Wells Fargo has a dilemma: it wants to pay back the government for the $25 billion in bailout money it took, but doing so while retaining its Tier 1 capital-asset ratio would require raising new equity, diluting its stock's value for its current shareholders. As a result, it may seek to pay back the bailout over the next few years through putting a portion of its profit towards its tab. Doing so, however, would require it to pay a hefty preferred dividend to the U.S. government each year. The New York Times' DealBook broke down this problem yesterday. It considers one solution, but there might be a better one.
After analyzing the problem, the Times suggests:
That's because selling new common stock and being shareholder-friendly are not entirely mutually exclusive. Paying back the relief funds would extinguish $1.25 billion a year in post-tax dividends, freeing up earnings for common shareholders. Wells could issue up to $8.8 billion in stock without reducing the earnings per share available to current holders, according to JPMorgan.
The Times then says it could repay the rest with its existing capital cushion. That, however, would still give it a Tier 1 capital-asset ratio below some of its peers, like JP Morgan and U.S. Bankcorp. So I'm not sure if this option necessarily works. I highly doubt in a climate like this Wells wants to look riskier than its competitors.
But let's think about this problem from a shareholder perspective. Assuming it takes two years to accumulate enough earnings to pay back the bailout, that's in the ballpark of $1.875 billion in post-tax dividends it would have to pay the government -- if it pays back half each year. If it takes longer than two years, obviously that payout to the government grows. As a shareholder, I'd be pretty annoyed that money is going to Uncle Sam instead of the firm's growth or private shareholders.
So why not do this: raise the capital in the private market and dilute the current shares, but in doing so, make a commitment to repurchase those shares over whatever period -- say two years -- it would have taken to repay the bailout. By making this commitment Wells would provide current investors reassurance that their value will not be lost in the long run. In fact, the value of the firm would ultimately be higher, because it would not have to pay the 5% dividend to the U.S. government, but could instead pay a 3.5% dividend to common shareholders on that new equity (its 5-year average dividend yield). That would save the firm $562 million over those two years. And at the end, it would repurchase the shares anyway, as planned.

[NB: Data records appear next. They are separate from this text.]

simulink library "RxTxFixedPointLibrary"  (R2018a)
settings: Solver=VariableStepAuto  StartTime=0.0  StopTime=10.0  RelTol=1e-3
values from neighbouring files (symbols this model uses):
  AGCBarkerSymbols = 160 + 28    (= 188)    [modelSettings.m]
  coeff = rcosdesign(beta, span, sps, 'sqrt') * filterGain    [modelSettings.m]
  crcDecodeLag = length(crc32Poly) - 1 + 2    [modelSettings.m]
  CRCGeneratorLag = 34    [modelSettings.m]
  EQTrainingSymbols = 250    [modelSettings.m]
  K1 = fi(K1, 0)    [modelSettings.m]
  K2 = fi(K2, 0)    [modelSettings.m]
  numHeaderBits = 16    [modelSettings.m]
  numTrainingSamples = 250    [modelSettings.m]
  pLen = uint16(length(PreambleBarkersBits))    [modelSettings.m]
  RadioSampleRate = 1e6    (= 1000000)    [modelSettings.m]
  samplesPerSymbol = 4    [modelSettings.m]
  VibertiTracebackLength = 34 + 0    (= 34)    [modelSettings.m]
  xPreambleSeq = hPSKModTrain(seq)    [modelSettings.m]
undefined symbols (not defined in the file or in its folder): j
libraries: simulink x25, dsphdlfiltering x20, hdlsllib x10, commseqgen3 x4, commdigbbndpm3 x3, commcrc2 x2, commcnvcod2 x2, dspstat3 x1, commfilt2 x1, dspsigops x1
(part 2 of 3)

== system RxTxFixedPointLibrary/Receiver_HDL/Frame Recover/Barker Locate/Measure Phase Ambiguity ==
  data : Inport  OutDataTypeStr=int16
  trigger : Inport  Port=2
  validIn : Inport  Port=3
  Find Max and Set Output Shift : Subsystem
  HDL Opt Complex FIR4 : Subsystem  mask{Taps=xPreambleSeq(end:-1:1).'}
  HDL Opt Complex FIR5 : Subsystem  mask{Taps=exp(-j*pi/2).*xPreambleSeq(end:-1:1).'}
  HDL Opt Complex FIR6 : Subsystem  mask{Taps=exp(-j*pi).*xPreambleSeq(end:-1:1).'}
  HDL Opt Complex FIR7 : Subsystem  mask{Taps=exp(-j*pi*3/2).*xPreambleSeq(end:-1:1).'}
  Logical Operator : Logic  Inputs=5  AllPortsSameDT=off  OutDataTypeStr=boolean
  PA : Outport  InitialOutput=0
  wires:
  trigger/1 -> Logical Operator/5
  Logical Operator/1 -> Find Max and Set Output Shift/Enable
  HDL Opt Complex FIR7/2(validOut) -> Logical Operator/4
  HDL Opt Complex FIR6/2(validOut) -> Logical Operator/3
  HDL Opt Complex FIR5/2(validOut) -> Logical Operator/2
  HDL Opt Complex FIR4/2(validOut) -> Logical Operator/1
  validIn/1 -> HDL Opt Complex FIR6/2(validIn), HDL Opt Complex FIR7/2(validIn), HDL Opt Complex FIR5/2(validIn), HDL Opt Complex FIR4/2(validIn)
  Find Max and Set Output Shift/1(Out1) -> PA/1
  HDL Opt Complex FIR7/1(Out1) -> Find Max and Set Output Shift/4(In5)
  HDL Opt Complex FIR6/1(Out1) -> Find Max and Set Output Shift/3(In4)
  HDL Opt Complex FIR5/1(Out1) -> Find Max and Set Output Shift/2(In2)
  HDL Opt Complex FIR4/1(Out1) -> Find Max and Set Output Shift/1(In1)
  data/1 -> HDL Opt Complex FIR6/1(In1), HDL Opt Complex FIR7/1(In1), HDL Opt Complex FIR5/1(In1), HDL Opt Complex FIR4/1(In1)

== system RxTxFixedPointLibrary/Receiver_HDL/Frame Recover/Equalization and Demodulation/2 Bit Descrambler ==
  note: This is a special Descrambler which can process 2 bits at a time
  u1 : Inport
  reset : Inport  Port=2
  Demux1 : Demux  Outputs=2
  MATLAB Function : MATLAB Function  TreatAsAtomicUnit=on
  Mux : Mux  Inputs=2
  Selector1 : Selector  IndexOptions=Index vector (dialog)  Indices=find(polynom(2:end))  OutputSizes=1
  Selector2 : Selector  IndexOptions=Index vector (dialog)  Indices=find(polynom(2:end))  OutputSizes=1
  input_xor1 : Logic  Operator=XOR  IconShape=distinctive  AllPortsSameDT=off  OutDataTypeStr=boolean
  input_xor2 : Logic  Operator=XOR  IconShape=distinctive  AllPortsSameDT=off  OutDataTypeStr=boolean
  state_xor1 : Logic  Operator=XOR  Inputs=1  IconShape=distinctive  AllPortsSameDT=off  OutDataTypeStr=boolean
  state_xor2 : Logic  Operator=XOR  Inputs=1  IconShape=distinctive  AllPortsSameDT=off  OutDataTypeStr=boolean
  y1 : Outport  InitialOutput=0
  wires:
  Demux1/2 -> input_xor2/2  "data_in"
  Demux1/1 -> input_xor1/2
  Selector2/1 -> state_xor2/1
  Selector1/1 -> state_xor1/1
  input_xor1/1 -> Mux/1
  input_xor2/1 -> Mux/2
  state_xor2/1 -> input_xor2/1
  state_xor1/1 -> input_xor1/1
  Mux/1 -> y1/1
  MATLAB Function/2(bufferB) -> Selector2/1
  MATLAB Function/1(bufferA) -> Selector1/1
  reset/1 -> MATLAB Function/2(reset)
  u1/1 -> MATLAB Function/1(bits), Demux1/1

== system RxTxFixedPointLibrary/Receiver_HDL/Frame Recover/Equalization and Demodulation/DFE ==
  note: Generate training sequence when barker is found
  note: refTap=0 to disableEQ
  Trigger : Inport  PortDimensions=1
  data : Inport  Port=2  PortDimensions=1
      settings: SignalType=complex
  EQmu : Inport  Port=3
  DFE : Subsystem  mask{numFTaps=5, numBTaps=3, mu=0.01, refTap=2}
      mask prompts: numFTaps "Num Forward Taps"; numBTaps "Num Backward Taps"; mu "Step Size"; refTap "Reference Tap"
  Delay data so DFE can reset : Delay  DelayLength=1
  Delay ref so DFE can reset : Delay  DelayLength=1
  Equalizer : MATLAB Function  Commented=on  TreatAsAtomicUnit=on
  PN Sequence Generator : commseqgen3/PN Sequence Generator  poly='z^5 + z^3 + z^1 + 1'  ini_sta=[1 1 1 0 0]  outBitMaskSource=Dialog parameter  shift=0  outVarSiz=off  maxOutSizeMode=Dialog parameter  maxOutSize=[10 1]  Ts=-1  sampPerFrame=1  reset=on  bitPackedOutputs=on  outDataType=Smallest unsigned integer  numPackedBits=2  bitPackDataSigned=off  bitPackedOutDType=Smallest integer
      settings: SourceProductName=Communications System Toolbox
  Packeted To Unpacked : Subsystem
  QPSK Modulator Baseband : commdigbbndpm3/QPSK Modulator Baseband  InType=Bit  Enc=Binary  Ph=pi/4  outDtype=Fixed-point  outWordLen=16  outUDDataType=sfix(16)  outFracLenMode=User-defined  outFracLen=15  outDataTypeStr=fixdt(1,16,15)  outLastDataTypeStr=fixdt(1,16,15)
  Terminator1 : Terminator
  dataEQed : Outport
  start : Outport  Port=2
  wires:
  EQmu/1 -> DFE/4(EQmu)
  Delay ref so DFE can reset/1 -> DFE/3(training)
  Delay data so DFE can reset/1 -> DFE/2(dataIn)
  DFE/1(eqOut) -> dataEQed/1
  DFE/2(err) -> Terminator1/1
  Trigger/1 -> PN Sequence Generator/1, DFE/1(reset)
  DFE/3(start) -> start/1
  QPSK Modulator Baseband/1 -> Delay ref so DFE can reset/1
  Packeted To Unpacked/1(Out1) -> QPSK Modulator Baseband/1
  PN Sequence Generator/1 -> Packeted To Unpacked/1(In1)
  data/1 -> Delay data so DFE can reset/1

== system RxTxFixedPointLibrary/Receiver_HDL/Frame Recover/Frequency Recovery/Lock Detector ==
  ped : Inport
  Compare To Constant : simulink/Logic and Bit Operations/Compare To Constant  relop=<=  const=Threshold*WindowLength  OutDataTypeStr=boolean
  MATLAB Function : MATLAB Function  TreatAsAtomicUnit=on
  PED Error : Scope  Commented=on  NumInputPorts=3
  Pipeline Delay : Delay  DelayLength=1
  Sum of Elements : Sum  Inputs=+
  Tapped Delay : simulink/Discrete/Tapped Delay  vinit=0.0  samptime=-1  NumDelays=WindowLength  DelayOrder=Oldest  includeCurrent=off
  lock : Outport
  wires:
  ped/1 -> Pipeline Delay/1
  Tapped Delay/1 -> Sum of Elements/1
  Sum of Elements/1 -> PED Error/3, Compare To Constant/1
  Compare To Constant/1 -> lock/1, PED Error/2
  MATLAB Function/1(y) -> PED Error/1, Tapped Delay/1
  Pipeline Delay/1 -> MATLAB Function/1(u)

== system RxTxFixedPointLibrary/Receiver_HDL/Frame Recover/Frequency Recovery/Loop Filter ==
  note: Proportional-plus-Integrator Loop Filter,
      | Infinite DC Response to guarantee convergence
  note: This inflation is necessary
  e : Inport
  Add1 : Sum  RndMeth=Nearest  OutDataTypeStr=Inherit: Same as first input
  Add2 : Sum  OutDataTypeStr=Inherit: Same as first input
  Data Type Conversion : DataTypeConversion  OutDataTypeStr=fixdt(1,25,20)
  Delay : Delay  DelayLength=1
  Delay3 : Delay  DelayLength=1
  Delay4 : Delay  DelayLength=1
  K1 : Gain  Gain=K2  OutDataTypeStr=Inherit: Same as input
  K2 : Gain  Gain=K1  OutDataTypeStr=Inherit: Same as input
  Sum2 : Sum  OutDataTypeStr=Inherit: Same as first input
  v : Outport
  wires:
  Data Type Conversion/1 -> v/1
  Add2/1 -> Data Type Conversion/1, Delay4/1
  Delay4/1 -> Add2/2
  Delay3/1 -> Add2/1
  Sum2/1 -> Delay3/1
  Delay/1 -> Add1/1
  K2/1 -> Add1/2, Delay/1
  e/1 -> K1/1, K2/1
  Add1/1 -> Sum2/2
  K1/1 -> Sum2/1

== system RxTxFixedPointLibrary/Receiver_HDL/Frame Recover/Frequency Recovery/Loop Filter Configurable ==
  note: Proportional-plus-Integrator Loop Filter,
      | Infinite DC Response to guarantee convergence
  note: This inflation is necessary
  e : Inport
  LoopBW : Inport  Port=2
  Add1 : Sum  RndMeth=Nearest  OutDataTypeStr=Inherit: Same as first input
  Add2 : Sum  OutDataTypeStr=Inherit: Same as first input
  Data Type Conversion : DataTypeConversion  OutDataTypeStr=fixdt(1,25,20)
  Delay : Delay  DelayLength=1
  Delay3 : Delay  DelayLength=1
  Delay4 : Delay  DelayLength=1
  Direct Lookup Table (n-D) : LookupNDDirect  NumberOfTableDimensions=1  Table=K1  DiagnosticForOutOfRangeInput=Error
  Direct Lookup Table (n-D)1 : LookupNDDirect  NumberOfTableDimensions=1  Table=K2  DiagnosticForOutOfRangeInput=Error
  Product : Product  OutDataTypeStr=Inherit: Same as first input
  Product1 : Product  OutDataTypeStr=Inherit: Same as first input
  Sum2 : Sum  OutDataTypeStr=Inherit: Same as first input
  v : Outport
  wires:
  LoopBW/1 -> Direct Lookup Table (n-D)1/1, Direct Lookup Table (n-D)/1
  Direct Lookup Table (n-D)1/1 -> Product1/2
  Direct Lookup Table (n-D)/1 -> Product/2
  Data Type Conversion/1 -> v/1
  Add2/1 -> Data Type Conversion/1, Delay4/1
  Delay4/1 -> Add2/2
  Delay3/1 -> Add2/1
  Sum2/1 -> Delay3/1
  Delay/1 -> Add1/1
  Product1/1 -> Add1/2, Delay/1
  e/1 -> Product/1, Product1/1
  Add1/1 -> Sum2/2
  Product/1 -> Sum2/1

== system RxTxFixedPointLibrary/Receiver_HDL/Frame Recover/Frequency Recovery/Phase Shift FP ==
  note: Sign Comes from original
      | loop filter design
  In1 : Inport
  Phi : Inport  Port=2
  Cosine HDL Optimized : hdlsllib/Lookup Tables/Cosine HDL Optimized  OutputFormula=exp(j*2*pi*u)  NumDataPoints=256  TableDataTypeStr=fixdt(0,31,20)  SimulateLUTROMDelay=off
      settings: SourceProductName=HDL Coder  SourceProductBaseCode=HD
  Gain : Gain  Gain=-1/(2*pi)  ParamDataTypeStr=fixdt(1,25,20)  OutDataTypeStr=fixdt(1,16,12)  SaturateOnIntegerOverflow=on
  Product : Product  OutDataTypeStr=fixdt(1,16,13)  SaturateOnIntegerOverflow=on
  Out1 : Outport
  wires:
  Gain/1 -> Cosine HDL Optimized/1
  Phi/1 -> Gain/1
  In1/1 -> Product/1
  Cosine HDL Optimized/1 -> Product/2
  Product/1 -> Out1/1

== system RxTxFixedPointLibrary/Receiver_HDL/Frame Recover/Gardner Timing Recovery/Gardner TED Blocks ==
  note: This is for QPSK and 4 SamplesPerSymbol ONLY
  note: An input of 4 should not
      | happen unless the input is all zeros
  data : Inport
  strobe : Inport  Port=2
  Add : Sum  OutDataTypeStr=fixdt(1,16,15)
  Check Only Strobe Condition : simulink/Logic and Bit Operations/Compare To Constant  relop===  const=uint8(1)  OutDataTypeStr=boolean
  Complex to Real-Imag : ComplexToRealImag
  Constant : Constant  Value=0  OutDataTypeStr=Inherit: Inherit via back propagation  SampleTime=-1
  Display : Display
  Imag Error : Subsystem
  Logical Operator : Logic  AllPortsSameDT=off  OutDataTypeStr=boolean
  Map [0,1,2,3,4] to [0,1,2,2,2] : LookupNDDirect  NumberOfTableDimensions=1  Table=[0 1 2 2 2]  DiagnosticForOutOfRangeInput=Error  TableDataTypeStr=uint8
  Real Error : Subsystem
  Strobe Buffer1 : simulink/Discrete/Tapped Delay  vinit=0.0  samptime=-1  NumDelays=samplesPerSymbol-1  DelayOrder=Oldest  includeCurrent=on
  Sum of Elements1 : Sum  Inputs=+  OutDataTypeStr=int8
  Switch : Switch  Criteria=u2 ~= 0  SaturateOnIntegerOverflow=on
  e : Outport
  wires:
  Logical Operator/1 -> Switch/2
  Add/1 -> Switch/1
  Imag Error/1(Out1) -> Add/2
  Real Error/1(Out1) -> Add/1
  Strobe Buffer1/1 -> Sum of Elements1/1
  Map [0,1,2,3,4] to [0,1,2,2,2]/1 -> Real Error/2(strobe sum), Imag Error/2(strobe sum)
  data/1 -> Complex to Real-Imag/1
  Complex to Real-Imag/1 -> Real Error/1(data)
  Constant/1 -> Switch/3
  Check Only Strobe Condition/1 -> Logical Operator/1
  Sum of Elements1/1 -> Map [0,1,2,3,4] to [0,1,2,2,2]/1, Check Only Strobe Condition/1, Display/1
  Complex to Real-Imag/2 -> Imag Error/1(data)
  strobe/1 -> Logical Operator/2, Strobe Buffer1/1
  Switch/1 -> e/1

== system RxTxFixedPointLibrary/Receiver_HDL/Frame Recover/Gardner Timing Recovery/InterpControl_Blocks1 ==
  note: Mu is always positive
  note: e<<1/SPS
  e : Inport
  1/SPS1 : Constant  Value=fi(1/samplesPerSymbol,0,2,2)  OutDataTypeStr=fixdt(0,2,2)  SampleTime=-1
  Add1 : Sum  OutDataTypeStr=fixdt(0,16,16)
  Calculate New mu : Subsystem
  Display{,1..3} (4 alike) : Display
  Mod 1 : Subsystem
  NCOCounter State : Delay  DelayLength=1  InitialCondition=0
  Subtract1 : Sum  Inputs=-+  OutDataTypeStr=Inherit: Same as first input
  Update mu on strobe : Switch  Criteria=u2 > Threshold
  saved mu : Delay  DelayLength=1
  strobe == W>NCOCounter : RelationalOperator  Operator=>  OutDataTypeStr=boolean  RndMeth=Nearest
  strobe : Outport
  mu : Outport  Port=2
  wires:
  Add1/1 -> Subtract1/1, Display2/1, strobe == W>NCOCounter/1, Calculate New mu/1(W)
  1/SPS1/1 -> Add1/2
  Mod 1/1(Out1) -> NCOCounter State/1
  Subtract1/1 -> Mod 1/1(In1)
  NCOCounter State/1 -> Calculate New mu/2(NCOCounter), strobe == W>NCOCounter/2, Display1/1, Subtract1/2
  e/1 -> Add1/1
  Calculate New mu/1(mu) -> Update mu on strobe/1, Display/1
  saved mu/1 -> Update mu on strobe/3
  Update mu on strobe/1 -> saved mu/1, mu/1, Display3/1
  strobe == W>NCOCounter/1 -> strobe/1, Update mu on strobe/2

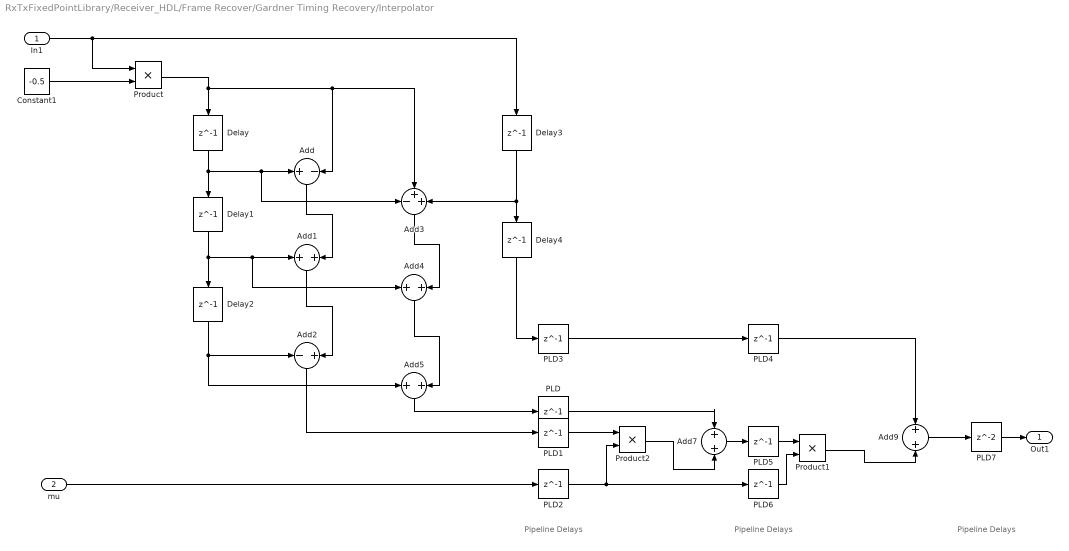
== system RxTxFixedPointLibrary/Receiver_HDL/Frame Recover/Gardner Timing Recovery/Interpolator ==
  note: Pipeline Delays
  note: Pipeline Delays
  note: Pipeline Delays
  In1 : Inport
  mu : Inport  Port=2
  Add : Sum  Inputs=+-  OutDataTypeStr=Inherit: Same as first input
  Add{1,4..5,7} (4 alike) : Sum
  Add2 : Sum  Inputs=-+
  Add3 : Sum  Inputs=-++
  Add9 : Sum  OutDataTypeStr=fixdt(1,16,10)
  Constant1 : Constant  Value=-0.5  OutDataTypeStr=fixdt(1,2,2)  SampleTime=-1
  Delay{,1..4} (5 alike) : Delay  DelayLength=1
  PLD{,1..6} (7 alike) : Delay  DelayLength=1
  PLD7 : Delay
  Product : Product  OutDataTypeStr=fixdt(1,16,14)
  Product1 : Product
  Product2 : Product  OutDataTypeStr=fixdt(1,16,10)
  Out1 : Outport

The numbers are likely a little more complex than this, as I'm trying to simplify matters. But the idea should be clear enough -- Wells shouldn't continue paying the government money that could to its shareholders. Instead, it should just allow its equity to be temporarily diluted, while giving current shareholders some public reassurance that it intends to use earnings to aggressively repurchase those shares. In the long run, current shareholders should applaud such a plan because it would save Wells money and get it out from under Uncle Sam's thumb.